HAPPY's software stack is built upon the Robotics Operating System (ROS). The RoboNotts team has successfully deployed a mix of existing and custom-developed ROS packages for benchmarks in the past. These packages performed essential tasks, including object perception, navigation, speech recognition, and object manipulation. This year the team will be reworking a lot of the previous code to move to ROS2, as well as increasing HAPPY's capabilities by moving work from solved problems to unsolved problems. All the modules and more in-depth description of these can be found in the team's repositories. All of RoboNotts' development is free and open-source.

Low-Level Software The robotic base from AMY Robotics originally came pre-installed with ROS Indigo. The proprietary and outdated code for the base, and it's odd implementation has severely limited the team in the past. In order to rectify this, the team has rewritten the entire code for the base from scratch for ROS2 Iron. This a massive technical feat, and will give more flexibility in building out the team's work.

Computer Vision We have two main computer vision models that we use in rotation, an off the shelf YOLO model and a custom FCOS model implementation. Either can be used for computer vision with each offering strengths and are then trained on custom built datasets fit for each competition. Should further segmentation be needed, e.g. for manipulation tasks, we can then pass the bounding boxes as prompts for a pre-trained Segment Anything Model. For tasks that require person detection, pose estimation, activity detection, etc. we use MediaPipe, as well as custom AI models using TensorFlow

Navigation To achieve effective navigation, RoboNotts uses the Slam Toolbox and Nav2 ROS package. HAPPY's LiDAR and range sensors are used to create a base map of an area, to which important details are added; way-points (areas often traversed) for navigation, locations of interest (such as the position of doors, or where sitting areas are), and start/end positions for benchmarks. Once this refined map is built, the Nav2 navigation stack is used to traverse between these points, effectively building a graph-based map of an area.Object avoidance is performed proactively by the Nav2 stack, but the team also produced ROS nodes which are tasked with reactive object avoidance in the case of unexpected obstacles. These nodes work by detecting objects not only with the range-finders, but also with the depth cameras, assuring that the robot never collides with any objects.

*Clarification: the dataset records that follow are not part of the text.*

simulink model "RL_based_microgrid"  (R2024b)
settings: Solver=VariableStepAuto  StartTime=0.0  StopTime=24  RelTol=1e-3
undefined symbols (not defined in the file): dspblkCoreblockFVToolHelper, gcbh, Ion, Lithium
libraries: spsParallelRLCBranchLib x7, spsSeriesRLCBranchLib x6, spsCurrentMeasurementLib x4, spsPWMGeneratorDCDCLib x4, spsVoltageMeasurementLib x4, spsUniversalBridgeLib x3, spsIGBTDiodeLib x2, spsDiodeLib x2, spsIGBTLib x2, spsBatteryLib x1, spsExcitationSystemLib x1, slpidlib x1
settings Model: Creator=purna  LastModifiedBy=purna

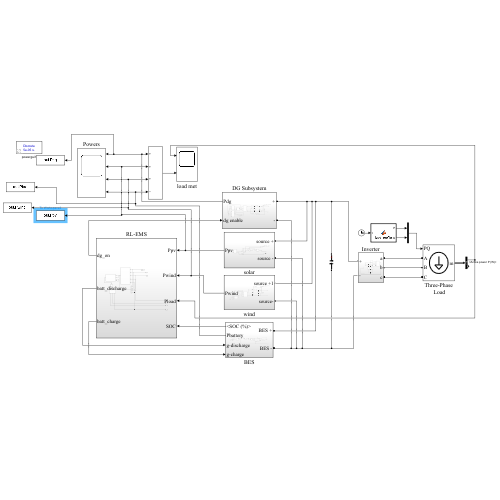
[thumbnail: Simulink's stored preview of the top-level diagram]
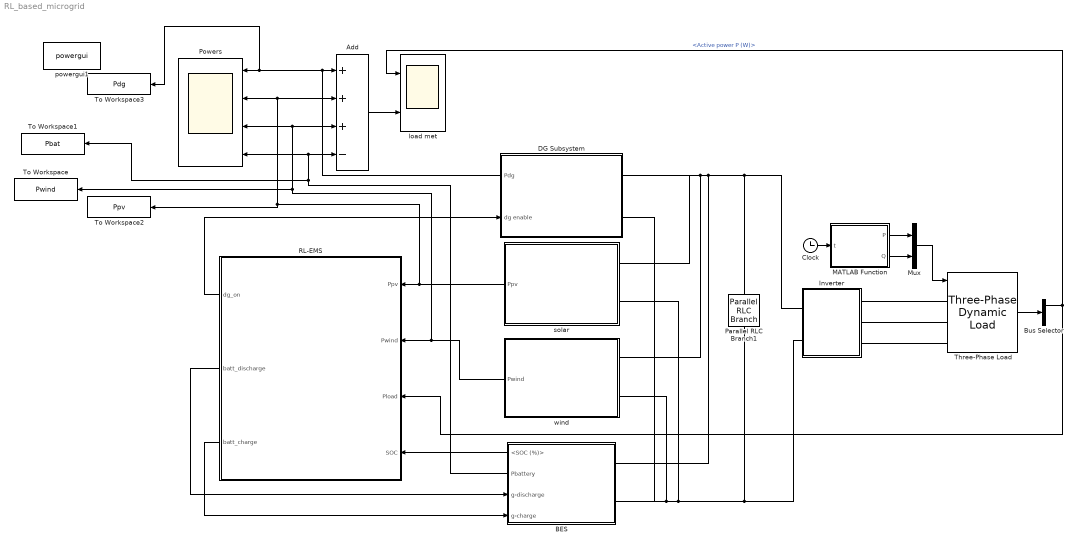
== system RL_based_microgrid ==
  Add : Sum  Inputs=+++-
  BES : Subsystem
      settings: PortSchema="{\"entries\":[{\"content\":{\"sides\":[{\"content\":{\"connectorIds\":[\"Out1\",\"Out2\",\"In1\",\"In2\"]},\"type\":\"ConnectorPlacement.EquallySpacedRectSide\",\"uuid\":\"4ddb1c12-991e-4618-8b5a-96153a6be9f9\"},{\"content\":{\"connectorIds\":[\"RConn1\",\"RConn2\"],\"side\":\"RIGHT\"},\"type\":\"ConnectorPlacement.EquallySpacedRectSide\",\"uuid\":\"57b35f38-742b-43df-b310-85bef7c22eb6\"},{\"content\":{\"side\":\"TOP\"},\"type\":\"ConnectorPlacement.EquallySpacedRectSide\",\"uuid\":\"e8572676-69f6-4b23-a9b1-c7da9405a7b0\"}]},\"type\":\"ConnectorPlacement.EquallySpacedConnector\",\"uuid\":\"66137947-70c4-42b3-9854-4ace8c633b7a\"}],\"packageUris\":[\"http://schema.mathworks.com/mf0/Connector/R2020b\"],\"version\":\"1.0\"}"
  Bus Selector : BusSelector  OutputSignals=Active power P (W),Reactive power Q (var)
  Clock : Clock
  DG Subsystem : Subsystem
      settings: PortSchema="{\"entries\":[{\"content\":{\"sides\":[{\"content\":{\"connectorIds\":[\"LConn1\",\"LConn2\"]},\"type\":\"ConnectorPlacement.EquallySpacedRectSide\",\"uuid\":\"0fe261cd-b61b-4009-ad1d-7ade665678a0\"},{\"content\":{\"connectorIds\":[\"Out1\",\"In1\"],\"side\":\"RIGHT\"},\"type\":\"ConnectorPlacement.EquallySpacedRectSide\",\"uuid\":\"7da4c722-b648-49c7-a33d-9b77a7c6f0e6\"},{\"content\":{\"side\":\"TOP\"},\"type\":\"ConnectorPlacement.EquallySpacedRectSide\",\"uuid\":\"52742111-5208-4731-a6b6-f9628022c544\"}]},\"type\":\"ConnectorPlacement.EquallySpacedConnector\",\"uuid\":\"59f2cf42-9f29-4a8f-af78-3ef44fb976f0\"}],\"packageUris\":[\"http://schema.mathworks.com/mf0/Connector/R2020b\"],\"version\":\"1.0\"}"
  Inverter : Subsystem
  MATLAB Function : MATLAB Function  TreatAsAtomicUnit=on
  Mux : Mux  Inputs=2
  Parallel RLC Branch1 : spsParallelRLCBranchLib/Parallel RLC Branch  LConnTagsString=a  RConnTagsString=__new0  BranchType=C  Resistance=1  Inductance=1e-3  SetiL0=off  InitialCurrent=0  Capacitance=2200e-6  Setx0=off  InitialVoltage=0  Measurements=Branch voltage
  Powers : Scope  NumInputPorts=4
  RL-EMS : Subsystem
  Three-Phase Load : spsThreePhaseDynamicLoadLib/Three-Phase Dynamic Load  NominalVoltage=[ 415 50 ]  ActiveReactivePowers=[12000 5810]  PositiveSequence=[0.994 -11.8]  ExternalControl=on  NpNq=[1.3 2]  TimeConstants="[0  0  0  0]"  MinimumVoltage=0.7  Tfilter=1e-4  LoadFlowParameters=[4,0,0,0,0]
      settings: LibrarySourceBlock=|
      | sps_lib/Passives/Three-Phase
      | Dynamic Load
  To Workspace : ToWorkspace  VariableName=Pwind  SampleTime=-1
  To Workspace1 : ToWorkspace  VariableName=Pbat  SampleTime=-1
  To Workspace2 : ToWorkspace  VariableName=Ppv  SampleTime=-1
  To Workspace3 : ToWorkspace  VariableName=Pdg  SampleTime=-1
  load met : Scope  NumInputPorts=2
  powergui1 : sps_lib/powergui  Priority=1  SimulationMode=Discrete  SampleTime=50e-6  frequency=60  Iterations=50  frequencyindice=0  Pbase=100e6  ErrMax=1e-4  UnitsV=kV  UnitsW=MW  buscounter=0  FunctionMessages=off  echomessages=off  EnableUseOfTLC=off  CurrentSourceSwitches=off  DisableSnubberDevices=off  DisableRonSwitches=off  DisableVfSwitches=off  DisplayEquations=off  AutomaticDiscreteSolvers=off  SolverType=Tustin/Backward Euler (TBE)  Interpol=off  ExternalGateDelay=off  methode=off  Ts=100  x0status=blocks  SPID=on  SwTol=0  HookPort=off  NonlinearTolerance=1e-4  nMaxIteration=100  ContinueOnMaxIteration=off  RestoreLinks=warning  ResistiveCurrentMeasurement=off  Frange=[0:2:500]  Ylog=off  Xlog=on  ShowGrid=off  save=off  variable=ZData  structure=0  ZoomFFT=off  StartTime=0.0  cycles=1  DisplayStyle=1  fundamental=60  FreqAxis=off  MaxFrequency=1000  frequencyindicesteady=1  RmsSteady=1  display=off
  solar : Subsystem
      settings: PortSchema="{\"entries\":[{\"content\":{\"sides\":[{\"content\":{\"connectorIds\":[\"Out1\"]},\"type\":\"ConnectorPlacement.EquallySpacedRectSide\",\"uuid\":\"4201751c-a9df-4880-bfb5-bb337a412f45\"},{\"content\":{\"connectorIds\":[\"RConn1\",\"RConn2\"],\"side\":\"RIGHT\"},\"type\":\"ConnectorPlacement.EquallySpacedRectSide\",\"uuid\":\"9e737d78-7a45-4b12-adbf-ff1ceeb3dd67\"},{\"content\":{\"side\":\"TOP\"},\"type\":\"ConnectorPlacement.EquallySpacedRectSide\",\"uuid\":\"1925966d-444e-49d2-aa13-9b6a49dc85cf\"}]},\"type\":\"ConnectorPlacement.EquallySpacedConnector\",\"uuid\":\"d7480a8d-0b50-46ad-a335-fcb334a83c63\"}],\"packageUris\":[\"http://schema.mathworks.com/mf0/Connector/R2020b\"],\"version\":\"1.0\"}"
  wind : Subsystem
      settings: PortSchema="{\"entries\":[{\"content\":{\"sides\":[{\"content\":{\"connectorIds\":[\"Out1\"]},\"type\":\"ConnectorPlacement.EquallySpacedRectSide\",\"uuid\":\"4201751c-a9df-4880-bfb5-bb337a412f45\"},{\"content\":{\"connectorIds\":[\"RConn1\",\"RConn2\"],\"side\":\"RIGHT\"},\"type\":\"ConnectorPlacement.EquallySpacedRectSide\",\"uuid\":\"9e737d78-7a45-4b12-adbf-ff1ceeb3dd67\"},{\"content\":{\"side\":\"TOP\"},\"type\":\"ConnectorPlacement.EquallySpacedRectSide\",\"uuid\":\"1925966d-444e-49d2-aa13-9b6a49dc85cf\"}]},\"type\":\"ConnectorPlacement.EquallySpacedConnector\",\"uuid\":\"d7480a8d-0b50-46ad-a335-fcb334a83c63\"}],\"packageUris\":[\"http://schema.mathworks.com/mf0/Connector/R2020b\"],\"version\":\"1.0\"}"
  wires:
  Mux/1 -> Three-Phase Load/1
  MATLAB Function/2(Q) -> Mux/2
  Clock/1 -> MATLAB Function/1(t)
  Three-Phase Load/1 -> Bus Selector/1
  MATLAB Function/1(P) -> Mux/1
  RL-EMS/3(batt_charge) -> BES/2(g-charge)
  RL-EMS/2(batt_discharge) -> BES/1(g-discharge)
  RL-EMS/1(dg_on) -> DG Subsystem/1(dg enable)
  solar/1(Ppv) -> Add/2, Powers/2, To Workspace2/1, RL-EMS/1(Ppv)
  wind/1(Pwind) -> RL-EMS/2(Pwind), Add/3, Powers/3, To Workspace/1
  BES/1(<SOC (%)>) -> RL-EMS/4(SOC)
  Bus Selector/1 -> RL-EMS/3(Pload), load met/1  "<Active power P (W)>"
  DG Subsystem/1(Pdg) -> To Workspace3/1, Powers/1, Add/1
  Add/1 -> load met/2
  BES/2(Pbattery) -> Add/4, Powers/4, To Workspace1/1
  connections:
  Inverter/RConn1 -- Parallel RLC Branch1/LConn1 -- BES/RConn1 -- wind/RConn1 -- DG Subsystem/LConn1 -- solar/RConn1
  solar/RConn2 -- wind/RConn2 -- DG Subsystem/LConn2 -- BES/RConn2 -- Parallel RLC Branch1/RConn1 -- Inverter/RConn2
  Three-Phase Load/LConn2 -- Inverter/LConn2
  Three-Phase Load/LConn3 -- Inverter/LConn3
  Three-Phase Load/LConn1 -- Inverter/LConn1

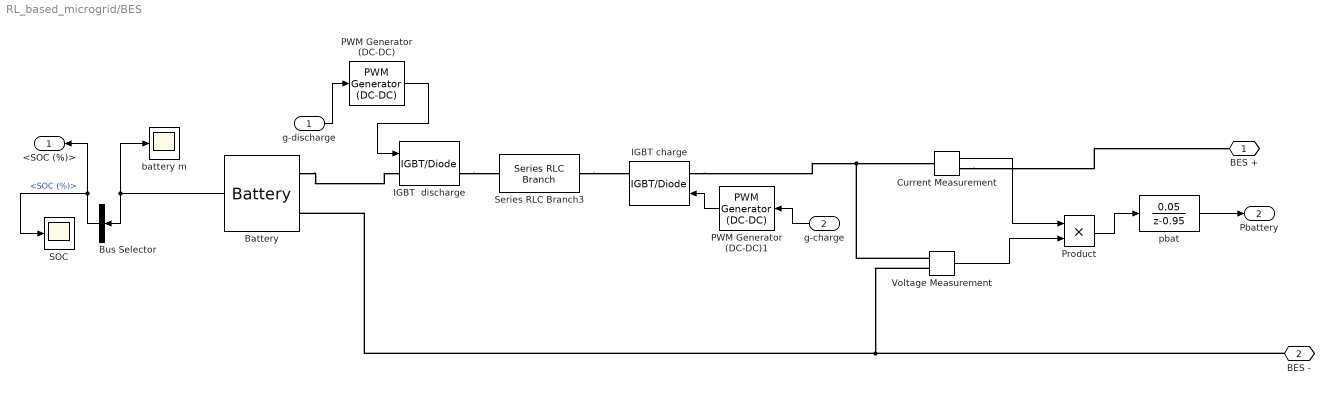
== system RL_based_microgrid/BES ==
  g-discharge : Inport
  g-charge : Inport  Port=2
  Battery : spsBatteryLib/Battery  BatType=Lithium-Ion  NomV=400  NomQ=50  SOC=60  Batt_Tr=0.5  PresetModel=on  MaxQ=50  MinV=300  FullV=465.5949  Dis_rate=21.7391  R=0.08  Normal_OP=45.2174  expZone="[432.1543      2.456522]"
  Bus Selector : BusSelector  OutputSignals=SOC (%)
  Current Measurement : spsCurrentMeasurementLib/Current Measurement  PhasorSimulation=off  OutputType=Complex  PSBequivalent=0
  IGBT  discharge : spsIGBTDiodeLib/IGBT//Diode  Ron=1e-3  Rs=1e5  Cs=inf  Measurements=on
  IGBT charge : spsIGBTDiodeLib/IGBT//Diode  Ron=1e-3  Rs=1e5  Cs=inf  Measurements=on
  PWM Generator (DC-DC) : spsPWMGeneratorDCDCLib/PWM Generator (DC-DC)  Fsw=50000  Ts=1e5
  PWM Generator (DC-DC)1 : spsPWMGeneratorDCDCLib/PWM Generator (DC-DC)  Fsw=50000  Ts=1e5
  Product : Product
  SOC : Scope
  Series RLC Branch3 : spsSeriesRLCBranchLib/Series RLC Branch  LConnTagsString=__new0  RConnTagsString=__new0  BranchType=L  Resistance=1  Inductance=2e-3  SetiL0=off  InitialCurrent=0  Capacitance=1e-6  Setx0=off  InitialVoltage=0  Measurements=None
  Voltage Measurement : spsVoltageMeasurementLib/Voltage Measurement  PhasorSimulation=off  OutputType=Complex  PSBequivalent=0
  battery m : Scope
  pbat : DiscreteTransferFcn  LoadFcn=dspblkCoreblockFVToolHelper(gcbh,'load');  Numerator=[0.05]  Denominator=[1 -0.95]
      settings: CopyFcn=dspblkCoreblockFVToolHelper(gcbh,'copy');  DeleteFcn=dspblkCoreblockFVToolHelper(gcbh,'close');  ModelCloseFcn=dspblkCoreblockFVToolHelper(gcbh,'close');  PreSaveFcn=dspblkCoreblockFVToolHelper(gcbh,'presave');  PostSaveFcn=dspblkCoreblockFVToolHelper(gcbh,'postsave');  CloseFcn=dspblkCoreblockFVToolHelper(gcbh,'close');
  BES + : PMIOPort  Side=Right
  BES - : PMIOPort  Port=2  Side=Right
  <SOC (%)> : Outport
  Pbattery : Outport  Port=2
  wires:
  Bus Selector/1 -> <SOC (%)>/1, SOC/1  "<SOC (%)>"
  Battery/1 -> Bus Selector/1, battery m/1
  g-discharge/1 -> PWM Generator (DC-DC)/1
  PWM Generator (DC-DC)/1 -> IGBT  discharge/1
  PWM Generator (DC-DC)1/1 -> IGBT charge/1
  g-charge/1 -> PWM Generator (DC-DC)1/1
  pbat/1 -> Pbattery/1
  Product/1 -> pbat/1
  Current Measurement/1 -> Product/1
  Voltage Measurement/1 -> Product/2
  connections:
  Series RLC Branch3/RConn1 -- IGBT charge/RConn1
  Battery/LConn1 -- IGBT  discharge/LConn1
  IGBT  discharge/RConn1 -- Series RLC Branch3/LConn1
  BES -/RConn1 -- Voltage Measurement/LConn2 -- Battery/LConn2
  IGBT charge/LConn1 -- Voltage Measurement/LConn1 -- Current Measurement/LConn1
  Current Measurement/RConn1 -- BES +/RConn1

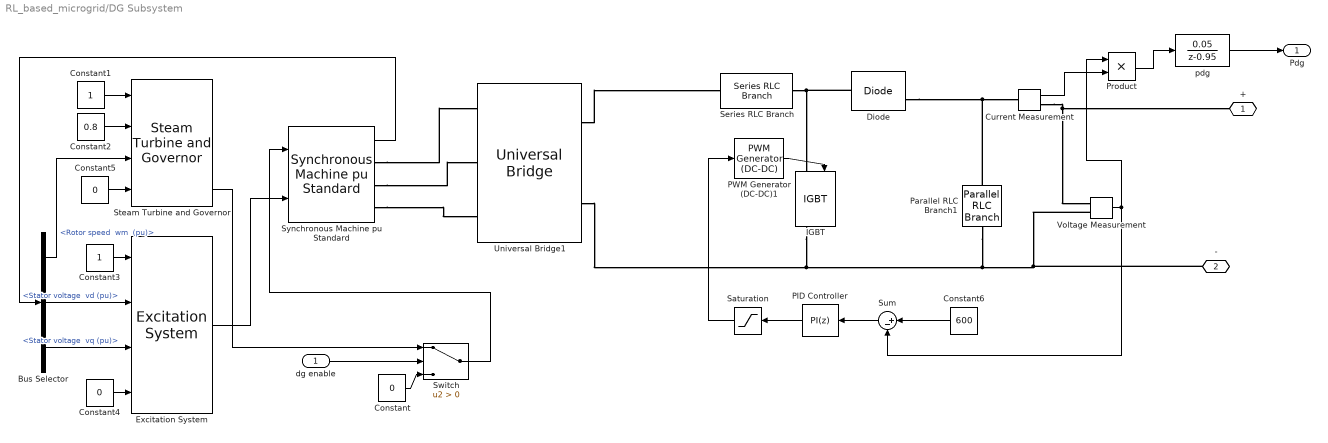
== system RL_based_microgrid/DG Subsystem ==
  dg enable : Inport
  Bus Selector : BusSelector  OutputSignals="Mechanical.Rotor speed  wm  (pu),dq0 components.Stator voltage  vd (pu),dq0 components.Stator voltage  vq (pu)"
  Constant : Constant  Value=0
  Constant1 : Constant
  Constant2 : Constant  Value=0.8
  Constant3 : Constant
  Constant4 : Constant  Value=0
  Constant5 : Constant  Value=0
  Constant6 : Constant  Value=600
  Current Measurement : spsCurrentMeasurementLib/Current Measurement  PhasorSimulation=off  OutputType=Complex  PSBequivalent=0
  Diode : spsDiodeLib/Diode  Ron=0.001  Lon=0  Vf=0.8  IC=0  UseSnubber=0  Rs=500  Cs=0  Measurements=on
  Excitation System : spsExcitationSystemLib/Excitation System  tr=20e-3  reg=[200 0.02]  exc=[ 1, 0.8 ]  tgr=[ 0, 0 ]  damp=[ 0.001, 0.1 ]  sat=[ 0, 0 ]  lim=[-5 5 0]  v0=[1.0 1.0]
  IGBT : spsIGBTLib/IGBT  Ron=0.001  Lon=0  Vf=1  Tf=1e-6  Tt=2e-6  IC=0  Rs=1e5  Cs=inf  Measurements=on
  PID Controller : slpidlib/PID Controller  Controller=PI  Form=Parallel  TimeDomain=Discrete-time  UseExternalTs=off  SampleTime=5e-6  IntegratorMethod=Forward Euler  FilterMethod=Forward Euler  ControllerParametersSource=internal  P=0.002  I=2  UseKiTs=off  D=0  UseExternalDerivativeSource=off  N=100  UseFilter=on  TunerSelectOption=Transfer Function Based (PID Tuner App)  InitialConditionSource=internal  InitialConditionForIntegrator=0  InitialConditionForFilter=0  DifferentiatorICPrevScaledInput=0  ExternalReset=none  TrackingMode=off  Kt=1  LimitOutput=on  SatLimitsSource=internal  UpperSaturationLimit=0.9  LowerSaturationLimit=0  LinearizeAsGain=on  AntiWindupMode=clamping  Kb=1  LimitIntegrator=off  UpperIntegratorSaturationLimit=inf  LowerIntegratorSaturationLimit=-inf  POutMin=[]  POutMax=[]  IOutMin=[]  IOutMax=[]  DOutMin=[]  DOutMax=[]  NOutMin=[]  NOutMax=[]  SumOutMin=[]  SumOutMax=[]  SaturationOutMin=[]  SaturationOutMax=[]  PParamMin=[]  PParamMax=[]  IParamMin=[]  IParamMax=[]  DParamMin=[]  DParamMax=[]  NParamMin=[]  NParamMax=[]  KbParamMin=[]  KbParamMax=[]  KtParamMin=[]  KtParamMax=[]  KbOutMin=[]  KbOutMax=[]  KtOutMin=[]  KtOutMax=[]  IntegratorOutMin=[]  IntegratorOutMax=[]  FilterOutMin=[]  FilterOutMax=[]  SumI1OutMin=[]  SumI1OutMax=[]  SumI2OutMin=[]  SumI2OutMax=[]  SumI3OutMin=[]  SumI3OutMax=[]  SumI4OutMin=[]  SumI4OutMax=[]  SumDOutMin=[]  SumDOutMax=[]  DifferentiatorOutMin=[]  DifferentiatorOutMax=[]  FilterDiffOutCoefMin=[]  FilterDiffOutCoefMax=[]  ReciprocalOutMin=[]  ReciprocalOutMax=[]  SumDenOutMin=[]  SumDenOutMax=[]  SumNumOutMin=[]  SumNumOutMax=[]  DivideOutMin=[]  DivideOutMax=[]  UdiffTsProdOutMin=[]  UdiffTsProdOutMax=[]  NTsProdOutMin=[]  NTsProdOutMax=[]  UintegralTsProdOutMin=[]  UintegralTsProdOutMax=[]  UngainTsProdOutMin=[]  UngainTsProdOutMax=[]  ClampingZeroOutDataTypeStr=Inherit: Inherit via back propagation  ClampingZeroOutMin=[]  ClampingZeroOutMax=[]  FilterDenConstantOutDataTypeStr=Inherit: Inherit via back propagation  FilterDenConstantOutMin=[]  FilterDenConstantOutMax=[]  PCopyOutDataTypeStr=Inherit: Inherit via back propagation  PCopyOutMin=[]  PCopyOutMax=[]  NCopyOutDataTypeStr=Inherit: Inherit via back propagation  NCopyOutMin=[]  NCopyOutMax=[]  IntegratorContinuousStateAttributes=''  IntegratorStateMustResolveToSignalObject=off  IntegratorRTWStateStorageClass=Auto  FilterContinuousStateAttributes=''  FilterStateMustResolveToSignalObject=off  FilterRTWStateStorageClass=Auto  ParallelPVariant=InternalParameters  IdealPVariant=Disabled  IVariant=InternalParameters  DVariant=Disabled  IntegratorVariant=Discrete  SatVariant=Enabled  AWVariant=DiscClampingParallel  PCopyVariant=Disabled  TRVariant=Disabled  FdbkBlocksVariant=Forward  IdealPFdbkVariant=Disabled  SatFdbkVariant=Disabled  DerivativeFilterVariant=Disabled  NVariant=Disabled  NCopyVariant=Disabled_SignalSpec  FilterICVariant=Disabled  IntegratorICVariant=InternalICs  ExternalResetVariant=Disabled  TRSumVariant=Passthrough  SumFdbkVariant=Disabled  SumVariant=Sum_PI  TsampFilterVariant=InternalTs  TsampNgainVariant=Passthrough  TsampIntegralVariant=Disabled_SignalSpec  ExternalSaturationOutDataTypeStr=Inherit: Same as second input  DerivativeSourceVariant=Disabled  PreIntVariant=InternalPreInt
  PWM Generator (DC-DC)1 : spsPWMGeneratorDCDCLib/PWM Generator (DC-DC)  Fsw=10000  Ts=0
  Parallel RLC Branch1 : spsParallelRLCBranchLib/Parallel RLC Branch  LConnTagsString=a  RConnTagsString=__new0  BranchType=C  Resistance=1  Inductance=1e-3  SetiL0=off  InitialCurrent=0  Capacitance=2200e-6  Setx0=off  InitialVoltage=0  Measurements=None
  Product : Product
  Saturation : Saturate  UpperLimit=0.9  LowerLimit=0.02
  Series RLC Branch : spsSeriesRLCBranchLib/Series RLC Branch  LConnTagsString=__new0  RConnTagsString=__new0  BranchType=L  Resistance=1  Inductance=1e-3  SetiL0=off  InitialCurrent=0  Capacitance=1e-6  Setx0=off  InitialVoltage=0  Measurements=None
  Steam Turbine and Governor : spsSteamTurbineandGovernorLib/Steam Turbine and Governor  gentype=Tandem-compound (multi-mass)  reg1="[ 1  0.05    0 ]"  reg2="[ 0.001  0.15 ]"  reg3="[ -0.1  0.1  0  4.496]"  N=3600  turb1="[ 0  10   3.3   0.5   ]"  turb2="[ 0.5   0.5   0  0 ]"  HA="[  1.5498   0.24894  0  0 ]"  KA="[  83.47  42.702  0  0 ]"  DA="[  0.3104  0.05  0  0 ]*8"  ini1=250.35/555  ini2=[2.7247e-008,-120.13]
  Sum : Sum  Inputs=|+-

Human-Robot Interaction The team's approach to Human-Robot Interaction involves the use of multiple steps:

Utilisation of Google Cloud Speech and Sphinx Speech facilitates the extraction speech from microphone input, transcribing it into text.
Semantic information is then extracted from the generated text through the following steps:

The text undergoes analysis using a Google DialogFlow pipeline explicitly crafted for the detection and extraction of actions. This pipeline is adept at accommodating synonymous expressions. Instances of common actions, such as ”Fetch me the bottle,” are processed into a structured command format, for instance: ”FETCH {item=bottle}”
Textual content that cannot be comprehended by DialogFlow is routed through a finely-tuned iteration of OpenAI's ChatGPT. This language model is entrusted with extracting meanings and, if applicable, generating a contextually appropriate response in the event that the understood text is neither a command nor an anticipated statement (e.g., "What is your favourite item?").
In instances where the aforementioned methods prove ineffective, we query a large library of words associated with actions, attempting to infer the intended action. While this is inefficient and prone to failure, this approach may avoid needing to repeat questions.

If a discernible action is successfully derived, it is subsequently directed to a designated node responsible for executing the associated actions. In cases where neither an actionable command nor an apt response can be ascertained, the robot asks the user to clarify their command. To enhance the likeability of the robot, the team leverages ChatGPT to generate diverse and unique responses, thereby mitigating the recurrence of identical sentences.